I realized, the “About Me” section in this blog is a bit wanting and I thought that even though I’ve been relaying all the sordid details of my research, I haven’t really let my audience know about me (although one can argue that you’d get a feeling about who I am if you’ve been reading my posts!)
But anyway, here’s some details about me and where I’ve been going both academically and professionally. First off, this blog was started back in 2011 as a way for me to get my bearings with writing in academia as well as a way to force me to just, well, WRITE!
I’ve always been a fan of all types of music, especially 80’s New Wave, Classic Punk, and, as you can tell–Extreme Metal. By Extreme metal, I am mostly talking about Death, Doom, Sludge and some Grind.
My first life was spent as an Art lover and student. I went to SUNY Albany for my Bachelors in Studio Art (Drawing) and Art History (Medieval Art and Architecture). Having experienced first hand working in a Visual Arts Library, I thought to myself, wouldn’t becoming an Art Librarian be cool???And I wouldn’t have to be a starving artist to boot! So about a year after I graduated college, I went to Pratt for my Library degree in Library/Information Science with a Certificate in Archives (which is gathering dust by the way).
In the midst of my Pratt life, I ended up, very luckily, working at The Thomas J. Watson Library in the Metropolitan Museum of Art. I worked there for about 6 years as an Art Librarian, enjoying the highs and lows that accompany art reference, cataloging and inter-library loaning! This was a great way to merge my love of art with reading and organization.
However, somewhere down the line, I ended up thinking about getting a second masters degree. I remember talking to some mid-level librarians who told me that in order to work in a college library, having a second masters for specialization was helpful. So that’s what I did. I decided to go to Hunter’s CUNY program in Anthropology with the beginning intention to write about Anthropology and the Pacific. Having found out that most schools in the NY didn’t really have faculty focused in that area-unless you’re going for the PHD, I was outta luck. So I started thinking about what else was fascinating about humans and culture. And then I had an enlightening conversation with my husband. He brought up Karyn Crisis from Crisis and her influence as seminal person in the death metal scene in early 90’s NYC metal. It got us to thinking about women in Heavy Metal Music. And it most certainly led me to researching what, if any, academic literature was written in Anthropology about women and their experience in these often “hyper-masculine” and “misogynistically” described musical genres. We talked about Dawn Crosby from Fear of God/Detente, as well as women who were musicians not vocally fronting in bands, like Jo Bench. I wondered what led them to participate in this sub-culture of extreme metal and I wondered if they felt marginalized or empowered by the scene.

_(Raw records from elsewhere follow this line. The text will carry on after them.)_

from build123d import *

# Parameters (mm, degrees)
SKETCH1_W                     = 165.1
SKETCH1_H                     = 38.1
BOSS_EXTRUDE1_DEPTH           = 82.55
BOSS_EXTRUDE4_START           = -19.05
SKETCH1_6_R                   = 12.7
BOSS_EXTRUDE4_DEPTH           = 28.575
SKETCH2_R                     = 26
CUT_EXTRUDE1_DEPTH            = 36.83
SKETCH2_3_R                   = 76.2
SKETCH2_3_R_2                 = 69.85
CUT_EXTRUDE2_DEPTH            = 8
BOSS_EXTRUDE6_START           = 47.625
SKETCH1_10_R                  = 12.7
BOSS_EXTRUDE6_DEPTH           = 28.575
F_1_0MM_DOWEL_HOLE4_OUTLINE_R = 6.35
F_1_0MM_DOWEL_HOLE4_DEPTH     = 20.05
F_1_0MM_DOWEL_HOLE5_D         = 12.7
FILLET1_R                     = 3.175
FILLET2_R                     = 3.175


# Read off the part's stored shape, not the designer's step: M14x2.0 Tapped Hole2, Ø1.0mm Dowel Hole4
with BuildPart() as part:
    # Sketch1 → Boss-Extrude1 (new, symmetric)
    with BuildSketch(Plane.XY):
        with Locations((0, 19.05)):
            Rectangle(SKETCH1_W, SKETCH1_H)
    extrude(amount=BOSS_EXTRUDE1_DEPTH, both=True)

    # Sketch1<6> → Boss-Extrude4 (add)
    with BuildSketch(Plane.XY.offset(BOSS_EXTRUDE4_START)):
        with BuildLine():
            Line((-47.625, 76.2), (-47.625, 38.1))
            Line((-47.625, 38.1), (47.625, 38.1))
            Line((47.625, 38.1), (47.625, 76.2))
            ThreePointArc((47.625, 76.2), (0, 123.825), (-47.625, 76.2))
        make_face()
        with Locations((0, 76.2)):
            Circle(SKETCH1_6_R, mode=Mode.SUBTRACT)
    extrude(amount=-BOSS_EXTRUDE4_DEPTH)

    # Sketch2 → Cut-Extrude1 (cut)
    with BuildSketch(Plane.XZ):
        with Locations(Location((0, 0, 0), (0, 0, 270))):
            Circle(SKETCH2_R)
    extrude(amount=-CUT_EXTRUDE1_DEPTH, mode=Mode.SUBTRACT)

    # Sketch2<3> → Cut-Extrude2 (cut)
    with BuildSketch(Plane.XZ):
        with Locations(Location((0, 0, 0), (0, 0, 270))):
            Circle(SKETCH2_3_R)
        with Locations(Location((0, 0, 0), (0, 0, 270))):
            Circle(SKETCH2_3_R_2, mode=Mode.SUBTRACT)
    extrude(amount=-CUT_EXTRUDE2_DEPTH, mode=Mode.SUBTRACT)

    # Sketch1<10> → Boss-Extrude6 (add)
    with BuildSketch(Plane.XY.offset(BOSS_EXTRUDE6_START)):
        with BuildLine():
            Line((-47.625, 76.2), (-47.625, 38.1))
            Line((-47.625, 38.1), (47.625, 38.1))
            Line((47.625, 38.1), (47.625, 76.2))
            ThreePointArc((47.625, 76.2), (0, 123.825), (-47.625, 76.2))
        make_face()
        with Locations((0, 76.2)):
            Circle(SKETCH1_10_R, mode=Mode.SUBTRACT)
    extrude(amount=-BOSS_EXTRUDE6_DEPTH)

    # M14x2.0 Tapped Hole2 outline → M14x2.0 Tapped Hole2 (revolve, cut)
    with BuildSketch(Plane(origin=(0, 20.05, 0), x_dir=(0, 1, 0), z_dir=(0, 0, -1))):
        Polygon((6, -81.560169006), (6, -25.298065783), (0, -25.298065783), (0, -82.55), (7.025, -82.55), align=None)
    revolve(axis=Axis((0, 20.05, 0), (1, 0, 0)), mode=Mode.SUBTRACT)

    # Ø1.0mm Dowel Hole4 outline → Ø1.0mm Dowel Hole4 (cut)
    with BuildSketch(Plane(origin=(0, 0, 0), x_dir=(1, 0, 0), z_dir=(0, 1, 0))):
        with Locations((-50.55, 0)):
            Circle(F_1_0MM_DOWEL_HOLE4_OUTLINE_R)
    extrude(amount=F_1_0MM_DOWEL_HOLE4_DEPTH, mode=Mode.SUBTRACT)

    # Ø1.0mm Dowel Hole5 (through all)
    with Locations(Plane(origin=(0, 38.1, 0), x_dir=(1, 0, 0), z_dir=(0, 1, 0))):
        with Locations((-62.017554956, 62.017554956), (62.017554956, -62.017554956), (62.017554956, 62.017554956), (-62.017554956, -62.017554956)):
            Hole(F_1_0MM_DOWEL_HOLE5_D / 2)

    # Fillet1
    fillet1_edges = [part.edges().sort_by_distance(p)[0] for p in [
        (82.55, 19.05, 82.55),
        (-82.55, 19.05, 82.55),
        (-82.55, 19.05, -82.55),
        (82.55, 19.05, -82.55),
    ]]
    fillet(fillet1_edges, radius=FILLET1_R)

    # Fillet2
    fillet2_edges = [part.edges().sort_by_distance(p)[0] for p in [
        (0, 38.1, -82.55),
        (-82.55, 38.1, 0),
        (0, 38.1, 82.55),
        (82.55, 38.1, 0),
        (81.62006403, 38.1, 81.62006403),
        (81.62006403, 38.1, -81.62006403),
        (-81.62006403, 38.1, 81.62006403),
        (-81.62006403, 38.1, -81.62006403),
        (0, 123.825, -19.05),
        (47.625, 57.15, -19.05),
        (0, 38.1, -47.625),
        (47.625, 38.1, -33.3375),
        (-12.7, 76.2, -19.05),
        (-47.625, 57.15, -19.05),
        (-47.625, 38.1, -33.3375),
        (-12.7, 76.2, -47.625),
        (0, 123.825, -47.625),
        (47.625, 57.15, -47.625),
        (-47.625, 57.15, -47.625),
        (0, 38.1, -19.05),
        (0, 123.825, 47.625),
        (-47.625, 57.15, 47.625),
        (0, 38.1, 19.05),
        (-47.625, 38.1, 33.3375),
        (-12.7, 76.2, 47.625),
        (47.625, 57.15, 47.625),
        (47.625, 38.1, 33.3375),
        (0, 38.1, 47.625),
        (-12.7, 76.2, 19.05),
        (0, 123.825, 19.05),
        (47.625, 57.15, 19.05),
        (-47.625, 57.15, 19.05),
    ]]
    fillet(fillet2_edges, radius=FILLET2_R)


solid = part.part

For me, around 2007, my reasons on listening to Death Metal became apparent. For one, my ears had slowly become trained to actually listening to the genre as form as oppose to just hearing loud noise. And two, no other music for me could correlate to the passing event that I had just overcome, that of my mother’s death. Down-tuned guitars, heavy bass-lines, and blast beats all lent itself nicely to both the angst and grieving I was undergoing. Finding women as vocalists and musicians in the scene served as a way to connect. This became very poetic for me and it’s what I believe happens to people when they connect to a particular style of music. It was a transgressive experience.
But where has this left me? It’s left me at a point where I am still learning from many of the women I have surveyed and interviewed during my research. I am finding, that like me, they are empowered by the music and their acceptance. Although bad experiences exist in any sub-culture, emerging patterns of tolerance have also been relayed to me. I am finding that in NYC, diversity and gender are ever the forefront in cultural concerns. What that may mean for women in the EMM scene can have a variety of meanings. For one, if feminism, especially that of the third wave feminism can be applied to EMM, then the make-up I am seeing, which is fairly diverse when compared to EMM scenes outside of NY, aligns itself well with the third wave.. There is a predominantly Hispanic population of women involved in the the local EMM scene and it does indeed encompass, “many colors, ethnicities, nationalities, religions and cultural backgrounds”.
In the near future, my professional plans are to finish up this thesis and disseminate it. After that, I plan on going back to my first love of art and perhaps dabbling in creating music. All of this research has cemented to me that there isn’t many female artists lyrically writing about what it is to be a women, if they even get to write the songs!
For example, what would it be like to hear something like Cannibal Corpse’s “Stripped, Raped and Strangled” from the point of view of the victim? Or maybe lyrics that relay the pain, terror, and joy when birthing a child? How about lyrics about being a female serial killer or the pain felt when having a miscarriage, etc? These are all reasonably within the motifs of Death Metal but align themselves with a feminist agenda. It’s something I have yet to hear with maybe Brooklyn’s Castrator being an exception.